= Mobivox =

Mobivox was an international calling service utilizing Voice over Internet Protocol (VoIP) and Interactive Voice Response (IVR) to bring reduced rate calling to those that register as Mobivox users. Mobivox combines VoIP and IVR to create a new telephony product. This is a direct challenge to Skype as Mobivox uses many of the same principles of Skype, but works without additional hardware or software. Mobivox further distinguishes itself with its IVR component dubbed "VoxGirl" and its suite of supporting features.

== Founders and history ==
Mobivox has been founded by two entrepreneurs, Eric Reiher and Christian Varin (today at the head of Fédération des inventeurs du Québec that received significant media attention after accusations of fraud).

Mobivox began its operations in Montréal early spring of 2007, having previously existed as VoxLib. Mobivox later opened an office in Boston, MA. The full beta launch of the new Mobivox calling system occurred in May 2007, and just a few months later, in October 2007, Mobivox received an eleven million dollar investment from a group of venture capital funds led by the Boston, China, and Vietnam branches of IDG Ventures, Skypoint Capital, and Brightspark. Mobivox was named as a finalist for the 2008 Webware 100 Awards.

== Features ==
Mobivox offers several features which are available to registered users. Mobivox maintains a contact list for every user available whenever they access their account. Other features include "Instant Conferencing," "Group Calls," "Mobile to Home Call Transfer," contacts importing, "GiftVOX," and the "Call Me" button.
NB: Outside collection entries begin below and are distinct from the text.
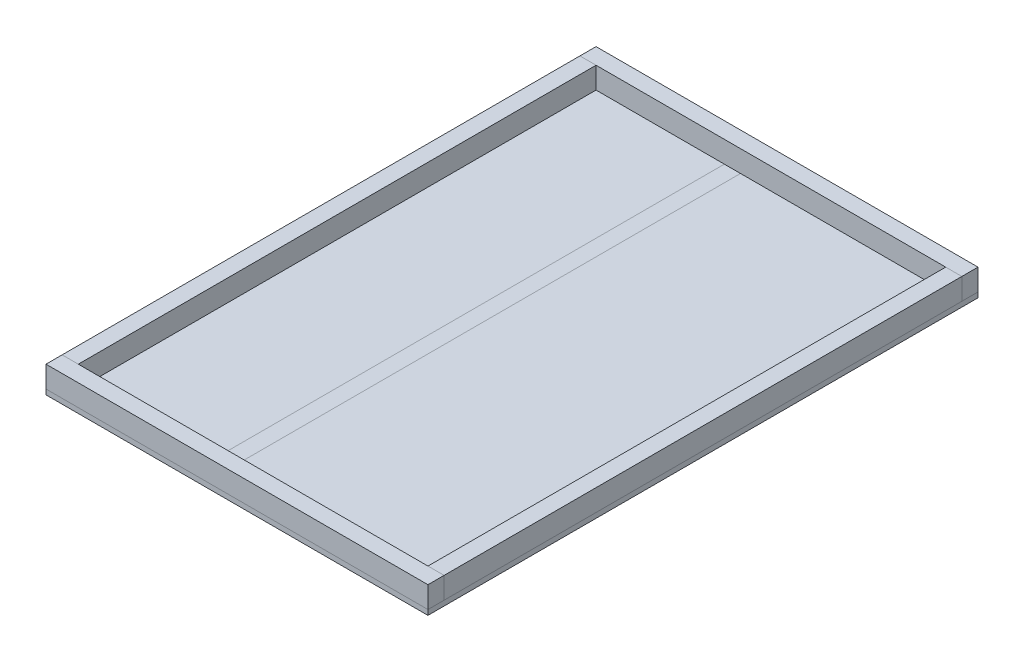
ISO-10303-21;
HEADER;
FILE_DESCRIPTION(('STEP AP214'),'2;1');
FILE_NAME('part.step','',(''),(''),'','','');
FILE_SCHEMA(('AUTOMOTIVE_DESIGN { 1 0 10303 214 1 1 1 1 }'));
ENDSEC;
DATA;
#1=APPLICATION_CONTEXT('core data for automotive mechanical design processes');
#2=APPLICATION_PROTOCOL_DEFINITION('international standard','automotive_design',2000,#1);
#3=PRODUCT_CONTEXT('',#1,'mechanical');
#4=PRODUCT('Part','Part','',(#3));
#5=PRODUCT_RELATED_PRODUCT_CATEGORY('part','',(#4));
#6=PRODUCT_DEFINITION_FORMATION('','',#4);
#7=PRODUCT_DEFINITION_CONTEXT('part definition',#1,'design');
#8=PRODUCT_DEFINITION('design','',#6,#7);
#9=PRODUCT_DEFINITION_SHAPE('','',#8);
#10=(LENGTH_UNIT() NAMED_UNIT(*) SI_UNIT(.MILLI.,.METRE.));
#11=(NAMED_UNIT(*) PLANE_ANGLE_UNIT() SI_UNIT($,.RADIAN.));
#12=(NAMED_UNIT(*) SI_UNIT($,.STERADIAN.) SOLID_ANGLE_UNIT());
#13=UNCERTAINTY_MEASURE_WITH_UNIT(LENGTH_MEASURE(1.E-05),#10,'distance_accuracy_value','');
#14=(GEOMETRIC_REPRESENTATION_CONTEXT(3) GLOBAL_UNCERTAINTY_ASSIGNED_CONTEXT((#13)) GLOBAL_UNIT_ASSIGNED_CONTEXT((#10,
#11,#12)) REPRESENTATION_CONTEXT('',''));
#15=CARTESIAN_POINT('',(0.,0.,0.));
#16=DIRECTION('',(0.,0.,1.));
#17=DIRECTION('',(1.,0.,0.));
#18=AXIS2_PLACEMENT_3D('',#15,#16,#17);
#19=CARTESIAN_POINT('',(-35.8750000000001,-9.525,305.55));
#20=DIRECTION('',(1.,0.,0.));
#21=DIRECTION('',(0.,0.,-1.));
#22=AXIS2_PLACEMENT_3D('',#19,#20,#21);
#23=PLANE('',#22);
#24=DIRECTION('',(0.,0.,-1.));
#25=VECTOR('',#24,1.);
#26=CARTESIAN_POINT('',(-35.8750000000001,0.,305.55));
#27=LINE('',#26,#25);
#28=CARTESIAN_POINT('',(-35.8750000000001,0.,305.55));
#29=VERTEX_POINT('',#28);
#30=CARTESIAN_POINT('',(-35.8750000000001,0.,-305.55));
#31=VERTEX_POINT('',#30);
#32=EDGE_CURVE('E142',#29,#31,#27,.T.);
#33=ORIENTED_EDGE('',*,*,#32,.F.);
#34=DIRECTION('',(0.,1.,0.));
#35=VECTOR('',#34,1.);
#36=CARTESIAN_POINT('',(-35.8750000000001,-9.525,305.55));
#37=LINE('',#36,#35);
#38=CARTESIAN_POINT('',(-35.8750000000001,-9.525,305.55));
#39=VERTEX_POINT('',#38);
#40=EDGE_CURVE('E13',#39,#29,#37,.T.);
#41=ORIENTED_EDGE('',*,*,#40,.F.);
#42=DIRECTION('',(0.,0.,-1.));
#43=VECTOR('',#42,1.);
#44=CARTESIAN_POINT('',(-35.8750000000001,-9.525,305.55));
#45=LINE('',#44,#43);
#46=CARTESIAN_POINT('',(-35.8750000000001,-9.525,-305.55));
#47=VERTEX_POINT('',#46);
#48=EDGE_CURVE('E136',#39,#47,#45,.T.);
#49=ORIENTED_EDGE('',*,*,#48,.T.);
#50=DIRECTION('',(0.,1.,0.));
#51=VECTOR('',#50,1.);
#52=CARTESIAN_POINT('',(-35.8750000000001,-9.525,-305.55));
#53=LINE('',#52,#51);
#54=EDGE_CURVE('E81',#47,#31,#53,.T.);
#55=ORIENTED_EDGE('',*,*,#54,.T.);
#56=EDGE_LOOP('',(#33,#41,#49,#55));
#57=FACE_BOUND('',#56,.T.);
#58=ADVANCED_FACE('F78',(#57),#23,.T.);
#59=CARTESIAN_POINT('',(-54.9250000000001,-9.525,305.55));
#60=DIRECTION('',(0.,0.,1.));
#61=DIRECTION('',(1.,0.,0.));
#62=AXIS2_PLACEMENT_3D('',#59,#60,#61);
#63=PLANE('',#62);
#64=DIRECTION('',(1.,0.,0.));
#65=VECTOR('',#64,1.);
#66=CARTESIAN_POINT('',(-54.9250000000001,0.,305.55));
#67=LINE('',#66,#65);
#68=CARTESIAN_POINT('',(-54.9250000000001,0.,305.55));
#69=VERTEX_POINT('',#68);
#70=EDGE_CURVE('E138',#69,#29,#67,.T.);
#71=ORIENTED_EDGE('',*,*,#70,.F.);
#72=DIRECTION('',(0.,1.,0.));
#73=VECTOR('',#72,1.);
#74=CARTESIAN_POINT('',(-54.9250000000001,-9.525,305.55));
#75=LINE('',#74,#73);
#76=CARTESIAN_POINT('',(-54.9250000000001,-9.525,305.55));
#77=VERTEX_POINT('',#76);
#78=EDGE_CURVE('E87',#77,#69,#75,.T.);
#79=ORIENTED_EDGE('',*,*,#78,.F.);
#80=DIRECTION('',(1.,0.,0.));
#81=VECTOR('',#80,1.);
#82=CARTESIAN_POINT('',(-54.9250000000001,-9.525,305.55));
#83=LINE('',#82,#81);
#84=EDGE_CURVE('E133',#77,#39,#83,.T.);
#85=ORIENTED_EDGE('',*,*,#84,.T.);
#86=ORIENTED_EDGE('',*,*,#40,.T.);
#87=EDGE_LOOP('',(#71,#79,#85,#86));
#88=FACE_BOUND('',#87,.T.);
#89=ADVANCED_FACE('F152',(#88),#63,.T.);
#90=CARTESIAN_POINT('',(-54.9250000000001,-9.525,305.55));
#91=DIRECTION('',(-1.,0.,0.));
#92=DIRECTION('',(0.,0.,1.));
#93=AXIS2_PLACEMENT_3D('',#90,#91,#92);
#94=PLANE('',#93);
#95=DIRECTION('',(0.,0.,1.));
#96=VECTOR('',#95,1.);
#97=CARTESIAN_POINT('',(-54.9250000000001,0.,305.55));
#98=LINE('',#97,#96);
#99=CARTESIAN_POINT('',(-54.9250000000001,0.,-305.55));
#100=VERTEX_POINT('',#99);
#101=EDGE_CURVE('E128',#100,#69,#98,.T.);
#102=ORIENTED_EDGE('',*,*,#101,.F.);
#103=DIRECTION('',(0.,1.,0.));
#104=VECTOR('',#103,1.);
#105=CARTESIAN_POINT('',(-54.9250000000001,-9.525,-305.55));
#106=LINE('',#105,#104);
#107=CARTESIAN_POINT('',(-54.9250000000001,-9.525,-305.55));
#108=VERTEX_POINT('',#107);
#109=EDGE_CURVE('E123',#108,#100,#106,.T.);
#110=ORIENTED_EDGE('',*,*,#109,.F.);
#111=DIRECTION('',(0.,0.,1.));
#112=VECTOR('',#111,1.);
#113=CARTESIAN_POINT('',(-54.9250000000001,-9.525,305.55));
#114=LINE('',#113,#112);
#115=EDGE_CURVE('E126',#108,#77,#114,.T.);
#116=ORIENTED_EDGE('',*,*,#115,.T.);
#117=ORIENTED_EDGE('',*,*,#78,.T.);
#118=EDGE_LOOP('',(#102,#110,#116,#117));
#119=FACE_BOUND('',#118,.T.);
#120=ADVANCED_FACE('F125',(#119),#94,.T.);
#121=CARTESIAN_POINT('',(-54.9250000000001,-9.525,-305.55));
#122=DIRECTION('',(0.,0.,-1.));
#123=DIRECTION('',(-1.,0.,0.));
#124=AXIS2_PLACEMENT_3D('',#121,#122,#123);
#125=PLANE('',#124);
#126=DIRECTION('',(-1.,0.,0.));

"Instant Conferencing" allows a caller to add up to nine people to any call. The "Group Calling" feature can be used to originate calls with up to nine different numbers. "Mobile to Home Transfers" lets a caller transfer an ongoing call on their mobile phone to their home or office phone." Using the Mobivox website, a user can import contacts from Gmail, Outlook, or Skype. "GiftVOX" enables a user to sign up their friends or family as users, add contacts to their contact list, and to provide credits to those accounts. The "Call Me" button can be embedded into email, websites, blogs, or social network profiles. The button is used to initiate a call between anyone and the user without revealing the user's phone number.

== Impact ==
Mobivox has transferred VoIP technology to mobile devices using Mobile VoIP..

== Leadership ==
Mobivox's Board of Directors includes David Aronoff of IDG Ventures as General Partner.

== End of operation ==
Mobivox ended its operation in September 2009. The assets were sold to Sabse Technologies Inc.